Dataset records

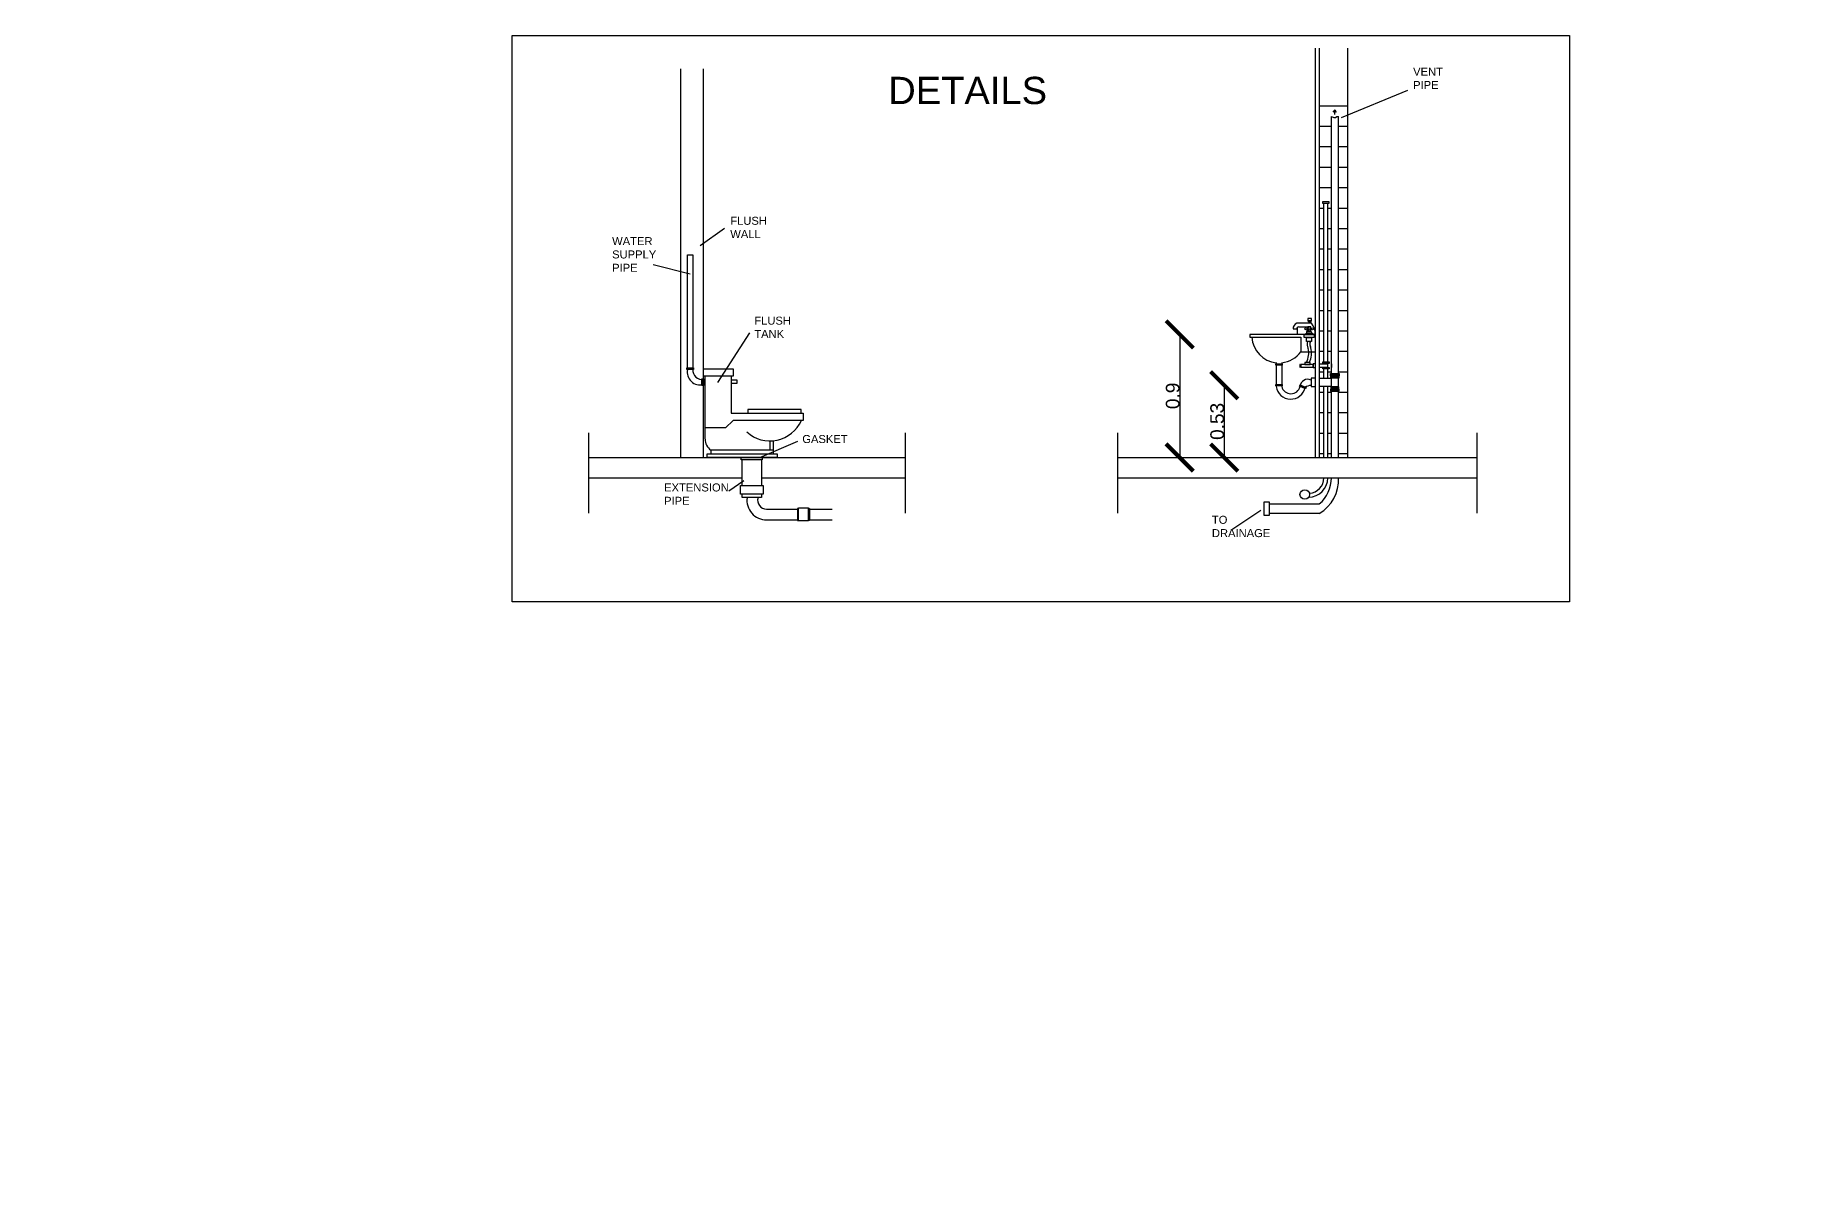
# Model space of a CAD drawing. Header units: metres. Extents: x 3586 to 7307, y 3108 to 6437.
# Drawn here: x 4031.24 to 4044.26, y 3241.26 to 3249.77 of the extents above; entities that cross this region are included whole.
import ezdxf

# ---------------------------------------------------------------- set-up
doc = ezdxf.new("R2010")
doc.units = ezdxf.units.M
doc.linetypes.add('DASHED', pattern=[0.75, 0.5, -0.25])
doc.layers.add('section line', color=20, linetype='DASHED')
doc.styles.get("Standard").update_dxf_attribs({"font": 'arial.ttf'})
doc.dimstyles.new('ISO-25', dxfattribs={"dimtxt": 0.1, "dimasz": 0.2, "dimexe": 0, "dimexo": 1, "dimgap": 0, "dimtad": 1, "dimdsep": 46, "dimtxsty": 'Standard', "dimblk": 'ARCHTICK', "dimcen": 0, "dimadec": 0, "dimazin": 0, "dimtfac": 1, "dimtmove": 0, "dimatfit": 3, "dimldrblk": 'ARCHTICK', "dimfxl": 1, "dimfxlon": 1, "dimarcsym": 0})

# ---------------------------------------------------------------- blocks, each defined once
blk = doc.blocks.new('_ArchTick')
at = {"color": 0, "linetype": 'ByBlock', "const_width": 0.15}
blk.add_lwpolyline([(-0.5, -0.5), (0.5, 0.5)], dxfattribs=at)
blk = doc.blocks.new('*D542')
at = {"color": 0, "lineweight": -2, "transparency": 16777216}
blk.add_line((4039.63, 3247.582), (4039.63, 3246.679), dxfattribs=at)
at = {"layer": 'Defpoints', "color": 0, "transparency": 16777216}
for p in [(4040.144, 3247.582), (4039.63, 3246.679), (4040.144, 3246.679)]:
    blk.add_point(p, dxfattribs=at)
at = {"color": 0, "lineweight": -2, "transparency": 16777216, "xscale": 0.2, "yscale": 0.2, "zscale": 0.2}
for p, rotation in [((4039.63, 3247.582), 90), ((4039.63, 3246.679), 270)]:
    blk.add_blockref('_ArchTick', p, dxfattribs=dict(at, rotation=rotation))
at = {"color": 0, "transparency": 16777216, "insert": (4039.579, 3247.131), "char_height": 0.1, "attachment_point": 5, "rotation": 90}
blk.add_mtext('0.9', dxfattribs=at)
blk = doc.blocks.new('*D543')
at = {"color": 0, "lineweight": -2, "transparency": 16777216}
blk.add_line((4039.956, 3247.209), (4039.956, 3246.679), dxfattribs=at)
at = {"layer": 'Defpoints', "color": 0, "transparency": 16777216}
for p in [(4040.334, 3247.209), (4039.956, 3246.679), (4040.334, 3246.679)]:
    blk.add_point(p, dxfattribs=at)
at = {"color": 0, "lineweight": -2, "transparency": 16777216, "xscale": 0.2, "yscale": 0.2, "zscale": 0.2}
for p, rotation in [((4039.956, 3247.209), 90), ((4039.956, 3246.679), 270)]:
    blk.add_blockref('_ArchTick', p, dxfattribs=dict(at, rotation=rotation))
at = {"color": 0, "transparency": 16777216, "insert": (4039.905, 3246.944), "char_height": 0.1, "attachment_point": 5, "rotation": 90}
blk.add_mtext('0.53', dxfattribs=at)
blk = doc.blocks.new('*D573')
at = {"color": 0, "lineweight": -2, "transparency": 16777216}
for p, q in [((4078.242, 3246.592), (4079.242, 3246.592)), ((4032.242, 3233.527), (4032.45, 3233.527)), ((4032.45, 3233.527), (4032.45, 3231.358)), ((4032.242, 3231.358), (4032.45, 3231.358))]:
    blk.add_line(p, q, dxfattribs=at)
at = {"layer": 'Defpoints', "color": 0, "transparency": 16777216}
for p in [(4078.242, 3246.595), (4079.242, 3246.595), (4079.242, 3246.592), (4031.242, 3233.527), (4031.242, 3231.358), (4032.45, 3231.358)]:
    blk.add_point(p, dxfattribs=at)
at = {"color": 0, "lineweight": -2, "transparency": 16777216, "xscale": 0.2, "yscale": 0.2, "zscale": 0.2}
for p, rotation in [((4078.242, 3246.592), 180), ((4032.45, 3233.527), 90), ((4032.45, 3231.358), 270)]:
    blk.add_blockref('_ArchTick', p, dxfattribs=dict(at, rotation=rotation))
blk.add_blockref('_ArchTick', (4079.242, 3246.592), dxfattribs=at)
at = {"color": 0, "transparency": 16777216, "insert": (4078.742, 3246.642), "char_height": 0.1, "attachment_point": 5}
blk.add_mtext('1', dxfattribs=at)
at = {"color": 0, "transparency": 16777216, "insert": (4032.4, 3232.443), "char_height": 0.1, "attachment_point": 5, "rotation": 90}
blk.add_mtext('2.17', dxfattribs=at)

msp = doc.modelspace()

# ---------------------------------------------------------------- linework, layer by layer
for p, q in [((4040.626, 3246.679), (4040.626, 3249.679)), ((4040.655, 3246.679), (4040.655, 3249.679)), ((4040.863, 3246.679), (4040.863, 3249.679)), ((4035.972, 3246.679), (4035.972, 3249.529)), ((4036.139, 3246.679), (4036.139, 3249.529)), ((4040.817, 3249.171), (4041.303, 3249.373)), ((4040.655, 3249.258), (4040.863, 3249.258)), ((4040.766, 3249.228), (4040.753, 3249.212)), ((4040.766, 3249.193), (4040.766, 3249.228)), ((4040.766, 3249.228), (4040.778, 3249.212)), ((4040.655, 3249.108), (4040.742, 3249.108)), ((4040.742, 3246.679), (4040.742, 3249.179)), ((4040.742, 3246.679), (4040.742, 3249.179)), ((4040.742, 3249.179), (4040.759, 3249.173)), ((4040.759, 3249.173), (4040.772, 3249.173)), ((4040.772, 3249.173), (4040.783, 3249.179)), ((4040.783, 3249.179), (4040.794, 3249.179)), ((4040.794, 3246.679), (4040.794, 3249.179)), ((4040.794, 3249.108), (4040.863, 3249.108)), ((4040.655, 3248.958), (4040.742, 3248.958)), ((4040.794, 3248.958), (4040.863, 3248.958)), ((4040.655, 3248.808), (4040.742, 3248.808)), ((4040.794, 3248.808), (4040.863, 3248.808)), ((4040.655, 3248.658), (4040.742, 3248.658)), ((4040.794, 3248.658), (4040.863, 3248.658)), ((4040.655, 3248.508), (4040.686, 3248.508)), ((4040.686, 3247.367), (4040.686, 3248.542)), ((4040.716, 3247.26), (4040.716, 3248.542)), ((4040.716, 3248.508), (4040.742, 3248.508)), ((4040.794, 3248.508), (4040.863, 3248.508)), ((4036.114, 3248.233), (4036.292, 3248.361)), ((4040.655, 3248.358), (4040.686, 3248.358)), ((4040.716, 3248.358), (4040.742, 3248.358)), ((4040.794, 3248.358), (4040.863, 3248.358)), ((4040.655, 3248.208), (4040.686, 3248.208)), ((4040.716, 3248.208), (4040.742, 3248.208)), ((4040.794, 3248.208), (4040.863, 3248.208)), ((4035.77, 3248.095), (4036.04, 3248.025)), ((4040.655, 3248.058), (4040.686, 3248.058)), ((4040.716, 3248.058), (4040.742, 3248.058)), ((4040.794, 3248.058), (4040.863, 3248.058)), ((4040.655, 3247.908), (4040.686, 3247.908)), ((4040.716, 3247.908), (4040.742, 3247.908)), ((4040.794, 3247.908), (4040.863, 3247.908)), ((4040.597, 3247.664), (4040.488, 3247.664)), ((4040.597, 3247.698), (4040.57, 3247.698)), ((4040.57, 3247.684), (4040.597, 3247.684)), ((4040.576, 3247.677), (4040.576, 3247.664)), ((4040.59, 3247.664), (4040.59, 3247.677)), ((4040.655, 3247.758), (4040.686, 3247.758)), ((4040.716, 3247.758), (4040.742, 3247.758)), ((4040.794, 3247.758), (4040.863, 3247.758)), ((4036.244, 3247.23), (4036.478, 3247.594)), ((4040.626, 3247.582), (4040.144, 3247.582)), ((4040.144, 3247.582), (4040.144, 3247.562)), ((4040.144, 3247.562), (4040.519, 3247.562)), ((4040.461, 3247.623), (4040.488, 3247.623)), ((4040.492, 3247.635), (4040.492, 3247.582)), ((4040.502, 3247.636), (4040.57, 3247.636)), ((4040.519, 3247.562), (4040.519, 3247.455)), ((4040.617, 3247.582), (4040.542, 3247.582)), ((4040.604, 3247.589), (4040.556, 3247.589)), ((4040.57, 3247.626), (4040.563, 3247.626)), ((4040.57, 3247.619), (4040.563, 3247.619)), ((4040.567, 3247.602), (4040.593, 3247.602)), ((4040.585, 3247.523), (4040.588, 3247.529)), ((4040.59, 3247.626), (4040.597, 3247.626)), ((4040.59, 3247.619), (4040.597, 3247.619)), ((4040.624, 3247.582), (4040.617, 3247.582)), ((4040.655, 3247.608), (4040.686, 3247.608)), ((4040.716, 3247.608), (4040.742, 3247.608)), ((4040.794, 3247.608), (4040.863, 3247.608)), ((4040.519, 3247.455), (4040.626, 3247.455)), ((4040.592, 3247.484), (4040.589, 3247.49)), ((4040.655, 3247.458), (4040.686, 3247.458)), ((4040.68, 3247.38), (4040.68, 3247.368)), ((4040.684, 3247.38), (4040.684, 3247.368)), ((4040.689, 3247.38), (4040.689, 3247.368)), ((4040.693, 3247.38), (4040.693, 3247.368)), ((4040.697, 3247.38), (4040.697, 3247.368)), ((4040.702, 3247.38), (4040.702, 3247.368)), ((4040.706, 3247.38), (4040.706, 3247.368)), ((4040.711, 3247.38), (4040.711, 3247.368)), ((4040.715, 3247.38), (4040.715, 3247.368)), ((4040.716, 3247.458), (4040.742, 3247.458)), ((4040.72, 3247.38), (4040.72, 3247.368)), ((4040.724, 3247.38), (4040.724, 3247.368)), ((4040.794, 3247.458), (4040.863, 3247.458)), ((4036.019, 3247.336), (4036.019, 3247.324)), ((4036.023, 3247.336), (4036.023, 3247.324)), ((4036.028, 3247.336), (4036.028, 3247.324)), ((4036.032, 3247.336), (4036.032, 3247.324)), ((4036.037, 3247.336), (4036.037, 3247.324)), ((4036.041, 3247.336), (4036.041, 3247.324)), ((4036.046, 3247.336), (4036.046, 3247.324)), ((4036.05, 3247.336), (4036.05, 3247.324)), ((4036.055, 3247.336), (4036.055, 3247.324)), ((4036.059, 3247.336), (4036.059, 3247.324)), ((4036.063, 3247.336), (4036.063, 3247.324)), ((4036.139, 3247.254), (4036.127, 3247.254)), ((4036.139, 3247.25), (4036.127, 3247.25)), ((4036.152, 3246.815), (4036.152, 3247.275)), ((4036.342, 3247.275), (4036.342, 3247.004)), ((4036.342, 3247.248), (4036.383, 3247.248)), ((4036.383, 3247.248), (4036.383, 3247.221)), ((4040.335, 3247.366), (4040.335, 3247.355)), ((4040.338, 3247.375), (4040.338, 3247.254)), ((4040.338, 3247.254), (4040.338, 3247.2)), ((4040.34, 3247.366), (4040.34, 3247.355)), ((4040.344, 3247.366), (4040.344, 3247.355)), ((4040.349, 3247.366), (4040.349, 3247.355)), ((4040.353, 3247.366), (4040.353, 3247.355)), ((4040.358, 3247.366), (4040.358, 3247.355)), ((4040.362, 3247.366), (4040.362, 3247.355)), ((4040.367, 3247.366), (4040.367, 3247.355)), ((4040.371, 3247.366), (4040.371, 3247.355)), ((4040.375, 3247.366), (4040.375, 3247.355)), ((4040.378, 3247.375), (4040.378, 3247.254)), ((4040.378, 3247.254), (4040.378, 3247.2)), ((4040.38, 3247.366), (4040.38, 3247.355)), ((4040.655, 3247.308), (4040.686, 3247.308)), ((4040.68, 3247.34), (4040.68, 3247.329)), ((4040.684, 3247.34), (4040.684, 3247.329)), ((4040.686, 3247.26), (4040.686, 3247.34)), ((4040.689, 3247.34), (4040.689, 3247.329)), ((4040.693, 3247.34), (4040.693, 3247.329)), ((4040.697, 3247.34), (4040.697, 3247.329)), ((4040.702, 3247.34), (4040.702, 3247.329)), ((4040.706, 3247.34), (4040.706, 3247.329)), ((4040.711, 3247.34), (4040.711, 3247.329)), ((4040.715, 3247.34), (4040.715, 3247.329)), ((4040.716, 3247.308), (4040.742, 3247.308)), ((4040.72, 3247.34), (4040.72, 3247.329)), ((4040.724, 3247.34), (4040.724, 3247.329)), ((4040.737, 3247.294), (4040.737, 3247.278)), ((4040.74, 3247.276), (4040.74, 3247.262)), ((4040.743, 3247.294), (4040.743, 3247.278)), ((4040.745, 3247.276), (4040.745, 3247.262)), ((4040.749, 3247.294), (4040.749, 3247.278)), ((4040.751, 3247.276), (4040.751, 3247.262)), ((4040.755, 3247.294), (4040.755, 3247.278)), ((4040.756, 3247.276), (4040.756, 3247.262)), ((4040.761, 3247.294), (4040.761, 3247.278)), ((4040.762, 3247.276), (4040.762, 3247.262)), ((4040.767, 3247.294), (4040.767, 3247.278)), ((4040.767, 3247.276), (4040.767, 3247.262)), ((4040.773, 3247.294), (4040.773, 3247.278)), ((4040.773, 3247.276), (4040.773, 3247.262)), ((4040.778, 3247.276), (4040.778, 3247.262)), ((4040.779, 3247.294), (4040.779, 3247.278)), ((4040.783, 3247.276), (4040.783, 3247.262)), ((4040.785, 3247.294), (4040.785, 3247.278)), ((4040.789, 3247.276), (4040.789, 3247.262)), ((4040.791, 3247.294), (4040.791, 3247.278)), ((4040.794, 3247.308), (4040.863, 3247.308)), ((4040.794, 3247.276), (4040.794, 3247.262)), ((4040.797, 3247.294), (4040.797, 3247.278)), ((4036.139, 3247.245), (4036.127, 3247.245)), ((4036.139, 3247.241), (4036.127, 3247.241)), ((4036.139, 3247.236), (4036.127, 3247.236)), ((4036.139, 3247.232), (4036.127, 3247.232)), ((4036.139, 3247.227), (4036.127, 3247.227)), ((4036.139, 3247.223), (4036.127, 3247.223)), ((4036.139, 3247.218), (4036.127, 3247.218)), ((4036.139, 3247.214), (4036.127, 3247.214)), ((4036.139, 3247.21), (4036.127, 3247.21)), ((4036.383, 3247.221), (4036.342, 3247.221)), ((4040.335, 3247.215), (4040.335, 3247.204)), ((4040.34, 3247.215), (4040.34, 3247.204)), ((4040.344, 3247.215), (4040.344, 3247.204)), ((4040.349, 3247.215), (4040.349, 3247.204)), ((4040.353, 3247.215), (4040.353, 3247.204)), ((4040.358, 3247.215), (4040.358, 3247.204)), ((4040.362, 3247.215), (4040.362, 3247.204)), ((4040.367, 3247.215), (4040.367, 3247.204)), ((4040.371, 3247.215), (4040.371, 3247.204)), ((4040.375, 3247.215), (4040.375, 3247.204)), ((4040.38, 3247.215), (4040.38, 3247.204)), ((4040.513, 3247.211), (4040.509, 3247.201)), ((4040.518, 3247.209), (4040.513, 3247.199)), ((4040.522, 3247.208), (4040.517, 3247.197)), ((4040.526, 3247.206), (4040.521, 3247.195)), ((4040.53, 3247.204), (4040.525, 3247.193)), ((4040.534, 3247.202), (4040.529, 3247.191)), ((4040.538, 3247.2), (4040.533, 3247.19)), ((4040.542, 3247.198), (4040.537, 3247.188)), ((4040.546, 3247.197), (4040.541, 3247.186)), ((4040.55, 3247.195), (4040.545, 3247.184)), ((4040.554, 3247.193), (4040.549, 3247.182)), ((4040.655, 3247.158), (4040.686, 3247.158)), ((4040.686, 3246.679), (4040.686, 3247.199)), ((4040.716, 3246.679), (4040.716, 3247.199)), ((4040.716, 3247.158), (4040.742, 3247.158)), ((4040.737, 3247.166), (4040.737, 3247.181)), ((4040.74, 3247.183), (4040.74, 3247.197)), ((4040.743, 3247.166), (4040.743, 3247.181)), ((4040.745, 3247.183), (4040.745, 3247.197)), ((4040.749, 3247.166), (4040.749, 3247.181)), ((4040.751, 3247.183), (4040.751, 3247.197)), ((4040.755, 3247.166), (4040.755, 3247.181)), ((4040.756, 3247.183), (4040.756, 3247.197)), ((4040.761, 3247.166), (4040.761, 3247.181)), ((4040.762, 3247.183), (4040.762, 3247.197)), ((4040.767, 3247.183), (4040.767, 3247.197)), ((4040.767, 3247.166), (4040.767, 3247.181)), ((4040.773, 3247.183), (4040.773, 3247.197)), ((4040.773, 3247.166), (4040.773, 3247.181)), ((4040.778, 3247.183), (4040.778, 3247.197)), ((4040.779, 3247.166), (4040.779, 3247.181)), ((4040.783, 3247.183), (4040.783, 3247.197)), ((4040.785, 3247.166), (4040.785, 3247.181)), ((4040.789, 3247.183), (4040.789, 3247.197)), ((4040.791, 3247.166), (4040.791, 3247.181)), ((4040.794, 3247.183), (4040.794, 3247.197)), ((4040.794, 3247.158), (4040.863, 3247.158)), ((4040.797, 3247.166), (4040.797, 3247.181)), ((4036.342, 3247.004), (4036.87, 3247.004)), ((4036.464, 3247.031), (4036.464, 3247.004)), ((4036.856, 3247.031), (4036.464, 3247.031)), ((4036.856, 3247.004), (4036.856, 3247.031)), ((4036.87, 3247.004), (4036.87, 3246.95)), ((4040.655, 3247.008), (4040.686, 3247.008)), ((4040.716, 3247.008), (4040.742, 3247.008)), ((4040.794, 3247.008), (4040.863, 3247.008)), ((4035.296, 3246.859), (4035.296, 3246.271)), ((4036.301, 3246.896), (4036.152, 3246.896)), ((4036.356, 3246.95), (4036.301, 3246.896)), ((4036.87, 3246.95), (4036.356, 3246.95)), ((4037.618, 3246.859), (4037.618, 3246.271)), ((4039.175, 3246.859), (4039.175, 3246.271)), ((4040.655, 3246.858), (4040.686, 3246.858)), ((4040.716, 3246.858), (4040.742, 3246.858)), ((4040.794, 3246.858), (4040.863, 3246.858)), ((4041.807, 3246.859), (4041.807, 3246.271)), ((4036.193, 3246.734), (4036.193, 3246.706)), ((4036.653, 3246.734), (4036.193, 3246.734)), ((4036.552, 3246.679), (4036.83, 3246.8)), ((4036.626, 3246.801), (4036.626, 3246.734)), ((4036.653, 3246.734), (4036.653, 3246.802)), ((4036.653, 3246.706), (4036.653, 3246.734)), ((4035.296, 3246.679), (4037.618, 3246.679)), ((4039.175, 3246.679), (4041.807, 3246.679)), ((4040.655, 3246.708), (4040.686, 3246.708)), ((4040.716, 3246.708), (4040.742, 3246.708)), ((4040.794, 3246.708), (4040.863, 3246.708)), ((4035.296, 3246.529), (4036.423, 3246.529)), ((4036.434, 3246.508), (4036.324, 3246.433)), ((4036.563, 3246.529), (4037.618, 3246.529)), ((4039.175, 3246.529), (4041.807, 3246.529)), ((4040.285, 3246.339), (4040.653, 3246.339)), ((4036.6, 3246.301), (4036.829, 3246.301)), ((4036.6, 3246.222), (4036.829, 3246.222)), ((4036.915, 3246.301), (4037.081, 3246.301)), ((4036.915, 3246.222), (4037.081, 3246.222)), ((4040.004, 3246.147), (4040.224, 3246.294)), ((4040.653, 3246.269), (4040.285, 3246.269))]:
    msp.add_line(p, q)
for points in [[(4034.736, 3249.773), (4042.487, 3249.773), (4042.487, 3245.621), (4034.736, 3245.621)], [(4040.678, 3248.557), (4040.722, 3248.557), (4040.722, 3248.542), (4040.678, 3248.542)], [(4036.022, 3248.166), (4036.061, 3248.166), (4036.061, 3247.324), (4036.022, 3247.324)], [(4040.542, 3247.582), (4040.616, 3247.582), (4040.616, 3247.558), (4040.542, 3247.558)], [(4040.56, 3247.558), (4040.597, 3247.558), (4040.597, 3247.529), (4040.56, 3247.529)], [(4040.59, 3247.609), (4040.59, 3247.636), (4040.57, 3247.636), (4040.57, 3247.609)], [(4040.678, 3247.38), (4040.726, 3247.38), (4040.726, 3247.368), (4040.678, 3247.368)], [(4036.017, 3247.336), (4036.065, 3247.336), (4036.065, 3247.324), (4036.017, 3247.324)], [(4036.139, 3247.256), (4036.139, 3247.208), (4036.127, 3247.208), (4036.127, 3247.256)], [(4036.139, 3247.275), (4036.139, 3247.329), (4036.356, 3247.329), (4036.356, 3247.275)], [(4040.334, 3247.366), (4040.382, 3247.366), (4040.382, 3247.355), (4040.334, 3247.355)], [(4040.512, 3247.362), (4040.511, 3247.362), (4040.511, 3247.342), (4040.512, 3247.342)], [(4040.512, 3247.352), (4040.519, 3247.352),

- **Work to complete**: "doc.linetypes.add('DASHED', pattern=[0.75, 0.5, -0.25])" marks the last line to keep. Retype every line from the start of the entries through that one, exactly, and drop the pictures.

- **Solution to this exercise**:
# Model space of a CAD drawing. Header units: metres. Extents: x 3586 to 7307, y 3108 to 6437.
# Drawn here: x 4031.24 to 4044.26, y 3241.26 to 3249.77 of the extents above; entities that cross this region are included whole.
import ezdxf

# ---------------------------------------------------------------- set-up
doc = ezdxf.new("R2010")
doc.units = ezdxf.units.M
doc.linetypes.add('DASHED', pattern=[0.75, 0.5, -0.25])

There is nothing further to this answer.